La ética hipocrática se refleja en el «juramento hipocrático», establecido por miembros posteriores de la escuela y que todavía lo prestan hoy los estudiantes de medicina al terminar sus estudios. Un nuevo tipo de hombres sabios surgió en Atenas durante la época de Pericles, hombres que pretendían enseñar las cualidades más adecuadas a la vida pública. Eran los «sofistas», nombre proveniente de una palabra griega que significa «enseñar». Una función importante de todo hombre que actuase en la vida pública por aquellos días era la de presentar argumentos en pro o en contra de alguna ley propuesta o de alguna persona sometida a juicio. Muchos sofistas sostenían abiertamente que podían (por una remuneración) enseñar a la gente a argüir en defensa de cualquier opinión sobre cualquier tema y hacer que la parte más débil apareciese mejorada mediante una hábil argumentación.

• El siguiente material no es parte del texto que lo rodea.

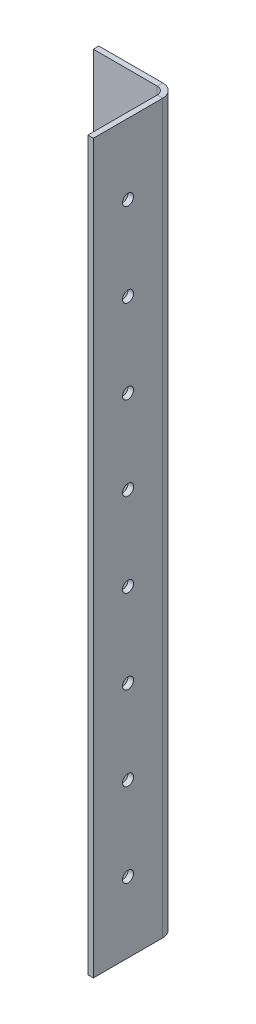
ISO-10303-21;
HEADER;
FILE_DESCRIPTION(('STEP AP214'),'2;1');
FILE_NAME('part.step','',(''),(''),'','','');
FILE_SCHEMA(('AUTOMOTIVE_DESIGN { 1 0 10303 214 1 1 1 1 }'));
ENDSEC;
DATA;
#1=APPLICATION_CONTEXT('core data for automotive mechanical design processes');
#2=APPLICATION_PROTOCOL_DEFINITION('international standard','automotive_design',2000,#1);
#3=PRODUCT_CONTEXT('',#1,'mechanical');
#4=PRODUCT('Part','Part','',(#3));
#5=PRODUCT_RELATED_PRODUCT_CATEGORY('part','',(#4));
#6=PRODUCT_DEFINITION_FORMATION('','',#4);
#7=PRODUCT_DEFINITION_CONTEXT('part definition',#1,'design');
#8=PRODUCT_DEFINITION('design','',#6,#7);
#9=PRODUCT_DEFINITION_SHAPE('','',#8);
#10=(LENGTH_UNIT() NAMED_UNIT(*) SI_UNIT(.MILLI.,.METRE.));
#11=(NAMED_UNIT(*) PLANE_ANGLE_UNIT() SI_UNIT($,.RADIAN.));
#12=(NAMED_UNIT(*) SI_UNIT($,.STERADIAN.) SOLID_ANGLE_UNIT());
#13=UNCERTAINTY_MEASURE_WITH_UNIT(LENGTH_MEASURE(1.E-05),#10,'distance_accuracy_value','');
#14=(GEOMETRIC_REPRESENTATION_CONTEXT(3) GLOBAL_UNCERTAINTY_ASSIGNED_CONTEXT((#13)) GLOBAL_UNIT_ASSIGNED_CONTEXT((#10,
#11,#12)) REPRESENTATION_CONTEXT('',''));
#15=CARTESIAN_POINT('',(0.,0.,0.));
#16=DIRECTION('',(0.,0.,1.));
#17=DIRECTION('',(1.,0.,0.));
#18=AXIS2_PLACEMENT_3D('',#15,#16,#17);
#19=CARTESIAN_POINT('',(-70.,660.,-10.));
#20=DIRECTION('',(0.,1.,0.));
#21=DIRECTION('',(0.,0.,1.));
#22=AXIS2_PLACEMENT_3D('',#19,#20,#21);
#23=PLANE('',#22);
#24=DIRECTION('',(-1.,0.,0.));
#25=VECTOR('',#24,1.);
#26=CARTESIAN_POINT('',(-70.,660.,0.));
#27=LINE('',#26,#25);
#28=CARTESIAN_POINT('',(46.0000000000001,660.,0.));
#29=VERTEX_POINT('',#28);
#30=CARTESIAN_POINT('',(-70.,660.,0.));
#31=VERTEX_POINT('',#30);
#32=EDGE_CURVE('E104',#29,#31,#27,.T.);
#33=ORIENTED_EDGE('',*,*,#32,.F.);
#34=DIRECTION('',(0.,0.,-1.));
#35=VECTOR('',#34,1.);
#36=CARTESIAN_POINT('',(46.0000000000001,660.,0.));
#37=LINE('',#36,#35);
#38=CARTESIAN_POINT('',(46.0000000000001,660.,-10.0000000000001));
#39=VERTEX_POINT('',#38);
#40=EDGE_CURVE('E117',#29,#39,#37,.T.);
#41=ORIENTED_EDGE('',*,*,#40,.T.);
#42=DIRECTION('',(-1.,0.,0.));
#43=VECTOR('',#42,1.);
#44=CARTESIAN_POINT('',(-70.,660.,-10.));
#45=LINE('',#44,#43);
#46=CARTESIAN_POINT('',(-70.,660.,-10.));
#47=VERTEX_POINT('',#46);
#48=EDGE_CURVE('E109',#39,#47,#45,.T.);
#49=ORIENTED_EDGE('',*,*,#48,.T.);
#50=DIRECTION('',(0.,0.,1.));
#51=VECTOR('',#50,1.);
#52=CARTESIAN_POINT('',(-70.,660.,-10.));
#53=LINE('',#52,#51);
#54=EDGE_CURVE('E59',#47,#31,#53,.T.);
#55=ORIENTED_EDGE('',*,*,#54,.T.);
#56=EDGE_LOOP('',(#33,#41,#49,#55));
#57=FACE_BOUND('',#56,.T.);
#58=ADVANCED_FACE('F56',(#57),#23,.T.);
#59=CARTESIAN_POINT('',(0.,0.,-10.));
#60=DIRECTION('',(0.,0.,-1.));
#61=DIRECTION('',(-1.,0.,0.));
#62=AXIS2_PLACEMENT_3D('',#59,#60,#61);
#63=PLANE('',#62);
#64=CARTESIAN_POINT('',(-7.00000000000001,380.,-9.99999999999999));
#65=DIRECTION('',(0.,0.,1.));
#66=DIRECTION('',(1.,0.,0.));
#67=AXIS2_PLACEMENT_3D('',#64,#65,#66);
#68=CIRCLE('',#67,10.);
#69=CARTESIAN_POINT('',(3.00000000000001,380.,-9.99999999999999));
#70=VERTEX_POINT('',#69);
#71=EDGE_CURVE('E192',#70,#70,#68,.T.);
#72=ORIENTED_EDGE('',*,*,#71,.T.);
#73=EDGE_LOOP('',(#72));
#74=FACE_BOUND('',#73,.T.);
#75=CARTESIAN_POINT('',(-7.00000000000001,228.,-9.99999999999998));
#76=DIRECTION('',(0.,0.,1.));
#77=DIRECTION('',(1.,0.,0.));
#78=AXIS2_PLACEMENT_3D('',#75,#76,#77);
#79=CIRCLE('',#78,10.);
#80=CARTESIAN_POINT('',(3.00000000000001,228.,-9.99999999999998));
#81=VERTEX_POINT('',#80);
#82=EDGE_CURVE('E260',#81,#81,#79,.T.);
#83=ORIENTED_EDGE('',*,*,#82,.T.);
#84=EDGE_LOOP('',(#83));
#85=FACE_BOUND('',#84,.T.);
#86=CARTESIAN_POINT('',(-7.00000000000001,76.,-9.99999999999997));
#87=DIRECTION('',(0.,0.,1.));
#88=DIRECTION('',(1.,0.,0.));
#89=AXIS2_PLACEMENT_3D('',#86,#87,#88);
#90=CIRCLE('',#89,10.);
#91=CARTESIAN_POINT('',(3.00000000000001,76.,-9.99999999999997));
#92=VERTEX_POINT('',#91);
#93=EDGE_CURVE('E254',#92,#92,#90,.T.);
#94=ORIENTED_EDGE('',*,*,#93,.T.);
#95=EDGE_LOOP('',(#94));
#96=FACE_BOUND('',#95,.T.);
#97=CARTESIAN_POINT('',(-7.00000000000001,-76.0000000000001,-9.99999999999996));
#98=DIRECTION('',(0.,0.,1.));
#99=DIRECTION('',(1.,0.,0.));
#100=AXIS2_PLACEMENT_3D('',#97,#98,#99);
#101=CIRCLE('',#100,10.);
#102=CARTESIAN_POINT('',(3.00000000000001,-76.0000000000001,-9.99999999999996));
#103=VERTEX_POINT('',#102);
#104=EDGE_CURVE('E248',#103,#103,#101,.T.);
#105=ORIENTED_EDGE('',*,*,#104,.T.);
#106=EDGE_LOOP('',(#105));
#107=FACE_BOUND('',#106,.T.);
#108=CARTESIAN_POINT('',(-7.00000000000001,-228.,-9.99999999999995));
#109=DIRECTION('',(0.,0.,1.));
#110=DIRECTION('',(1.,0.,0.));
#111=AXIS2_PLACEMENT_3D('',#108,#109,#110);
#112=CIRCLE('',#111,10.);
#113=CARTESIAN_POINT('',(3.00000000000001,-228.,-9.99999999999995));
#114=VERTEX_POINT('',#113);
#115=EDGE_CURVE('E242',#114,#114,#112,.T.);
#116=ORIENTED_EDGE('',*,*,#115,.T.);
#117=EDGE_LOOP('',(#116));
#118=FACE_BOUND('',#117,.T.);
#119=CARTESIAN_POINT('',(-7.00000000000001,-380.,-9.99999999999994));
#120=DIRECTION('',(0.,0.,1.));
#121=DIRECTION('',(1.,0.,0.));
#122=AXIS2_PLACEMENT_3D('',#119,#120,#121);
#123=CIRCLE('',#122,10.);
#124=CARTESIAN_POINT('',(3.00000000000001,-380.,-9.99999999999994));
#125=VERTEX_POINT('',#124);
#126=EDGE_CURVE('E236',#125,#125,#123,.T.);
#127=ORIENTED_EDGE('',*,*,#126,.T.);
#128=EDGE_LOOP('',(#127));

Esto era exactamente lo opuesto de la dialéctica creada por Zenón, y no es precisamente un modo honorable de utilizar el propio saber. El más grande y popular de los sofistas fue Protágoras, quien, como Demócrito, había nacido en Abdera. Fue el primero en analizar cuidadosamente la lengua griega y en elaborar las reglas de la gramática. Como fue amigo de Pericles, se atrajo la enemistad de los conservadores. En 411 a.C., mucho después de la muerte de Pericles y cuando tenía alrededor de setenta años de edad, Protágoras fue acusado de ateísmo, por poner en duda públicamente la existencia de los dioses. Fue desterrado de Atenas y, mientras se hallaba en camino a Sicilia, se perdió en el mar.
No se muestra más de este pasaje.